- **Instructions for the task**: An exact restatement of the data is required, with the images omitted.

- **Data records**:
↓
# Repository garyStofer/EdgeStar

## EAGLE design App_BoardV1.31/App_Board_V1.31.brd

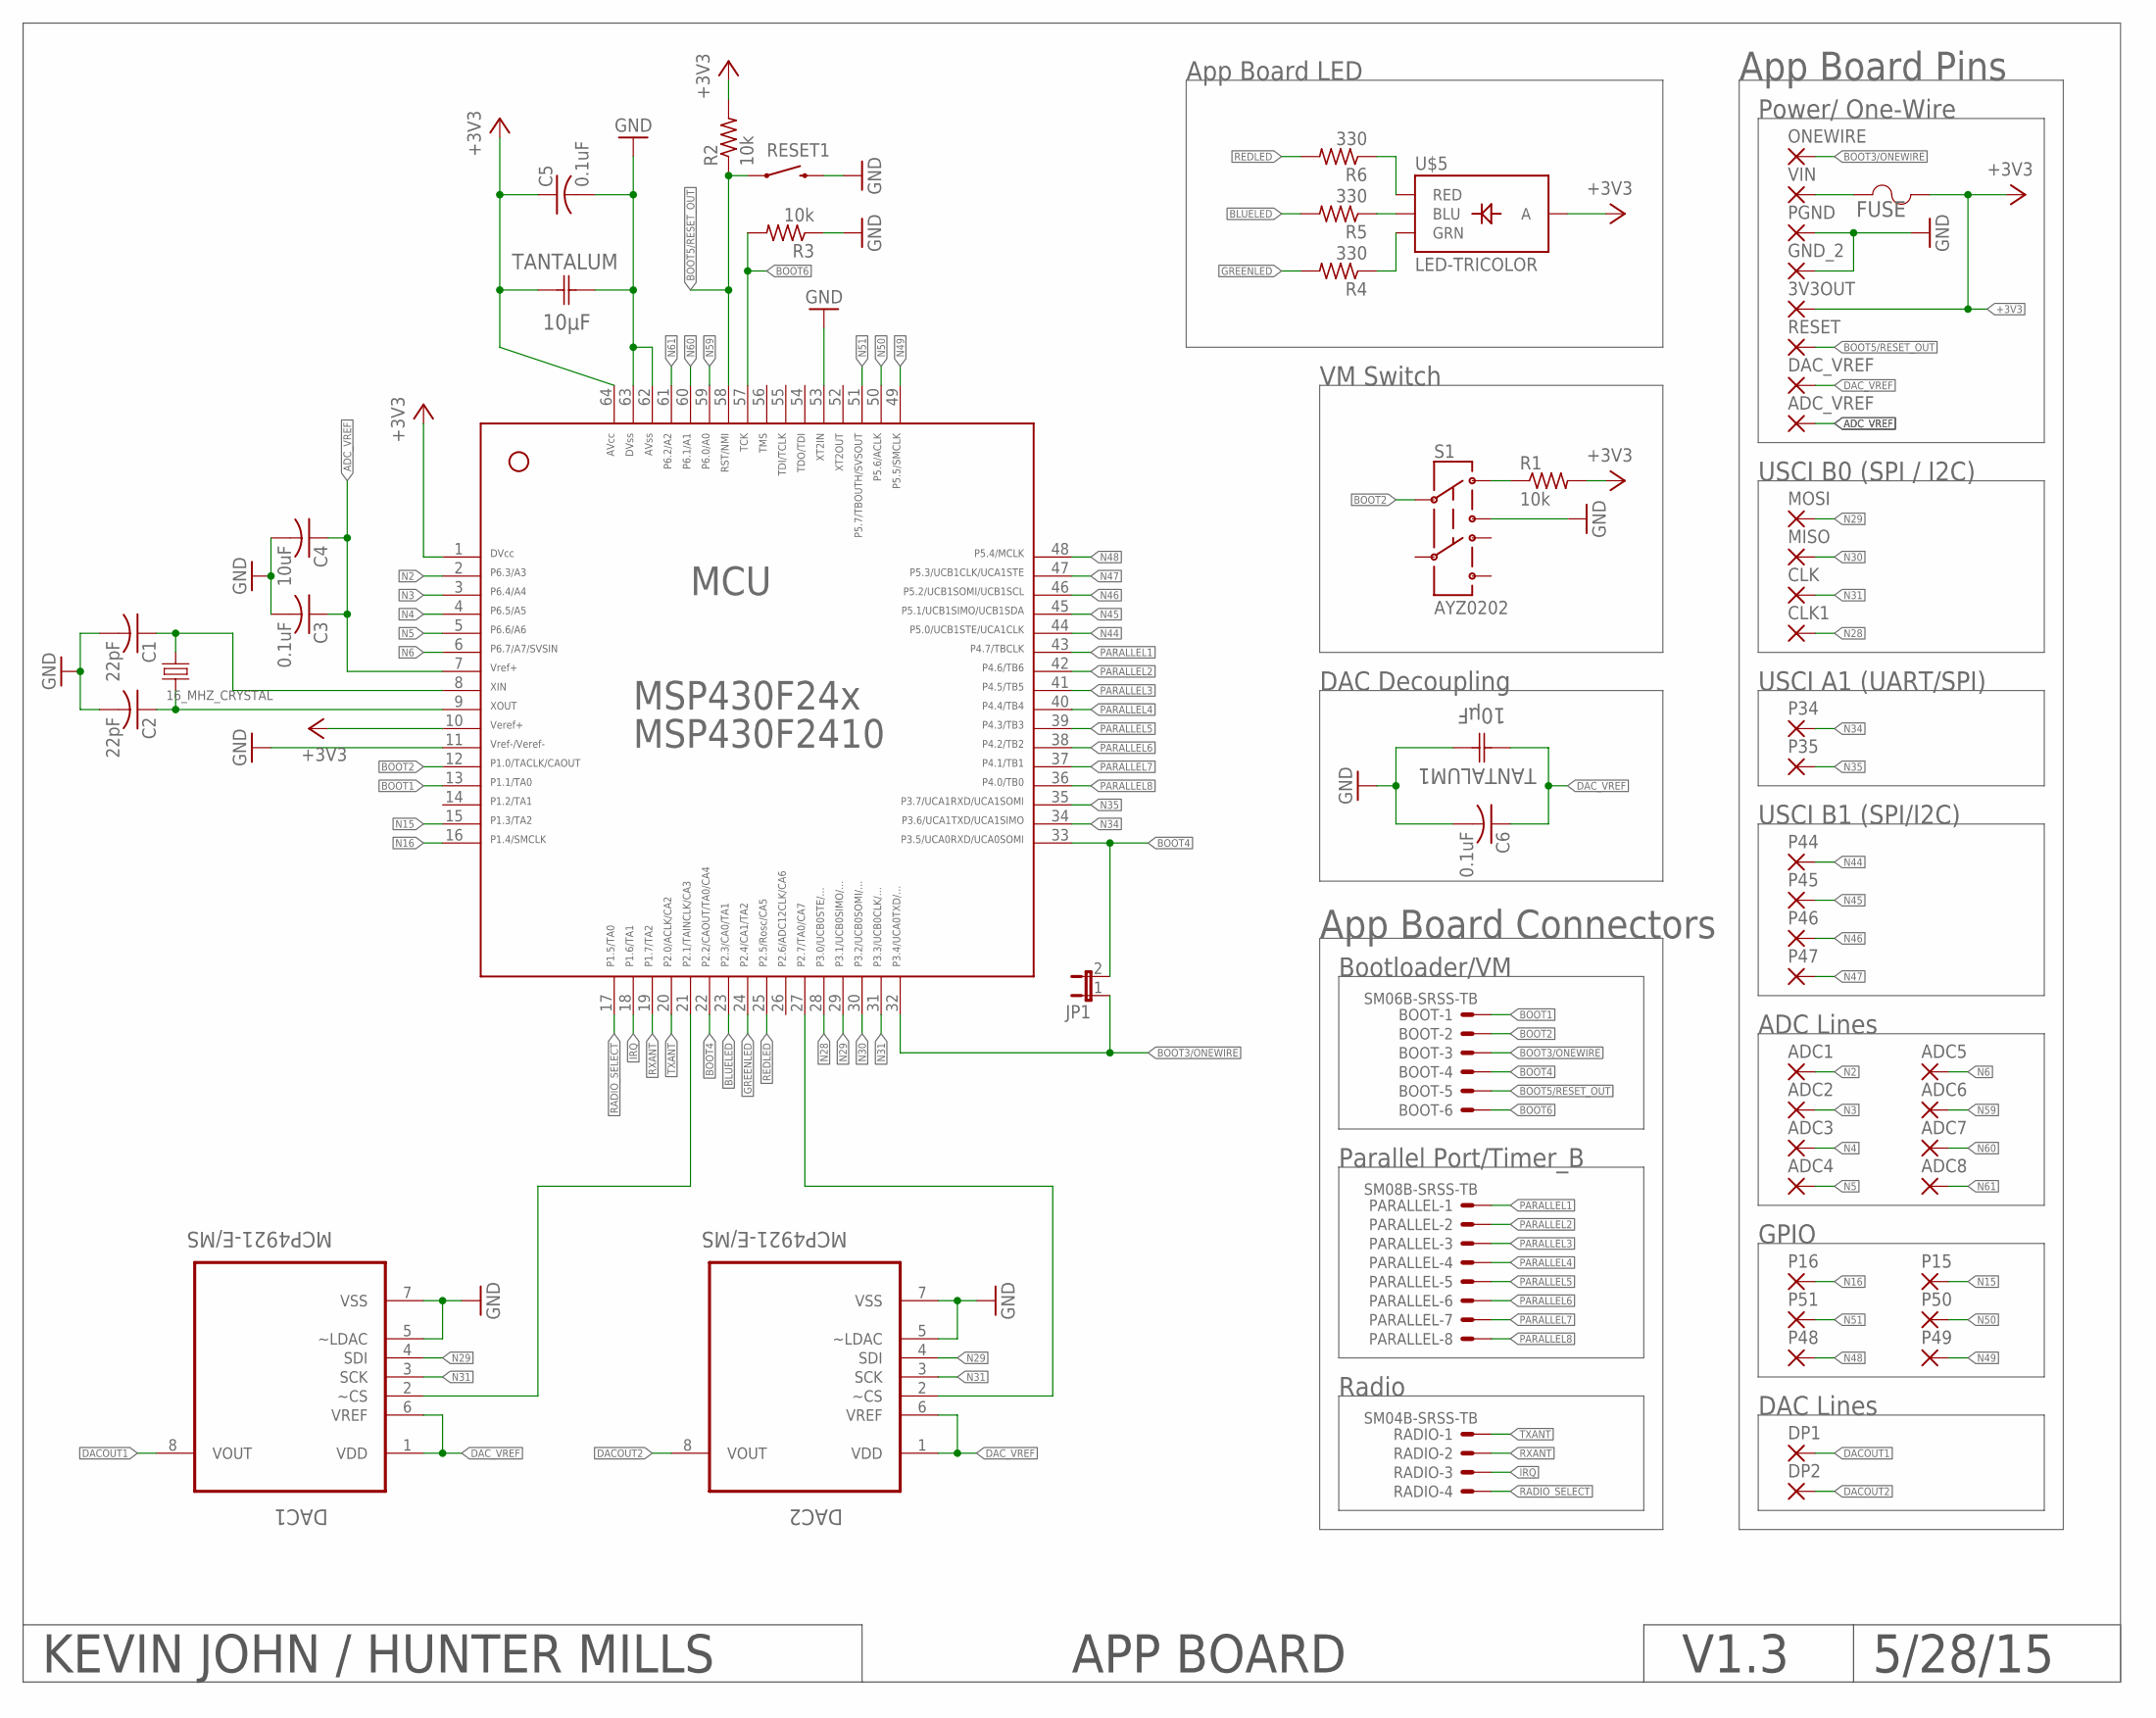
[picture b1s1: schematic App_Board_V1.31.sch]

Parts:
3V3OUT: 1,6/0,9
16_MHZ_CRYSTAL: HUNTERCRYSTAL; CRYSTAL-SMD-5X3
ADC1, ADC2, ADC3, ADC4, ADC5, ADC6, ADC7, ADC8: 1,6/0,9
ADC_VREF: 1,6/0,9
BOOT: SM06B-SRSS-TB
C1, C2: 22pF; C0805
C3, C5, C6: 0.1uF; C0805
C4: 10uF; C0805
CLK, CLK1: 1,6/0,9
DAC1, DAC2: MCP4921-E/MS; SOP65P490X110-8N
DAC_VREF: 1,6/0,9
DP1, DP2: 1,6/0,9
FUSE: HUNTERFUSE; CAPC4532X254N
GND_2: 1,6/0,9
JP1: JP1E; JP1
MCU: F24[X/10]---PM64; PM/PAG64
MISO: 1,6/0,9
MOSI: 1,6/0,9
ONEWIRE: 1,6/0,9
P15, P16, P34, P35, P44, P45, P46, P47, P48, P49, P50, P51: 1,6/0,9
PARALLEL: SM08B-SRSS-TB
↑
- **Output for this task**:
# Repository garyStofer/EdgeStar

## EAGLE design App_BoardV1.31/App_Board_V1.31.brd

[picture b1s1: schematic App_Board_V1.31.sch]

Parts:
3V3OUT: 1,6/0,9
16_MHZ_CRYSTAL: HUNTERCRYSTAL; CRYSTAL-SMD-5X3
ADC1, ADC2, ADC3, ADC4, ADC5, ADC6, ADC7, ADC8: 1,6/0,9
ADC_VREF: 1,6/0,9
BOOT: SM06B-SRSS-TB
C1, C2: 22pF; C0805
C3, C5, C6: 0.1uF; C0805
C4: 10uF; C0805
CLK, CLK1: 1,6/0,9
DAC1, DAC2: MCP4921-E/MS; SOP65P490X110-8N
DAC_VREF: 1,6/0,9
DP1, DP2: 1,6/0,9
FUSE: HUNTERFUSE; CAPC4532X254N
GND_2: 1,6/0,9
JP1: JP1E; JP1
MCU: F24[X/10]---PM64; PM/PAG64
MISO: 1,6/0,9
MOSI: 1,6/0,9
ONEWIRE: 1,6/0,9
P15, P16, P34, P35, P44, P45, P46, P47, P48, P49, P50, P51: 1,6/0,9
PARALLEL: SM08B-SRSS-TB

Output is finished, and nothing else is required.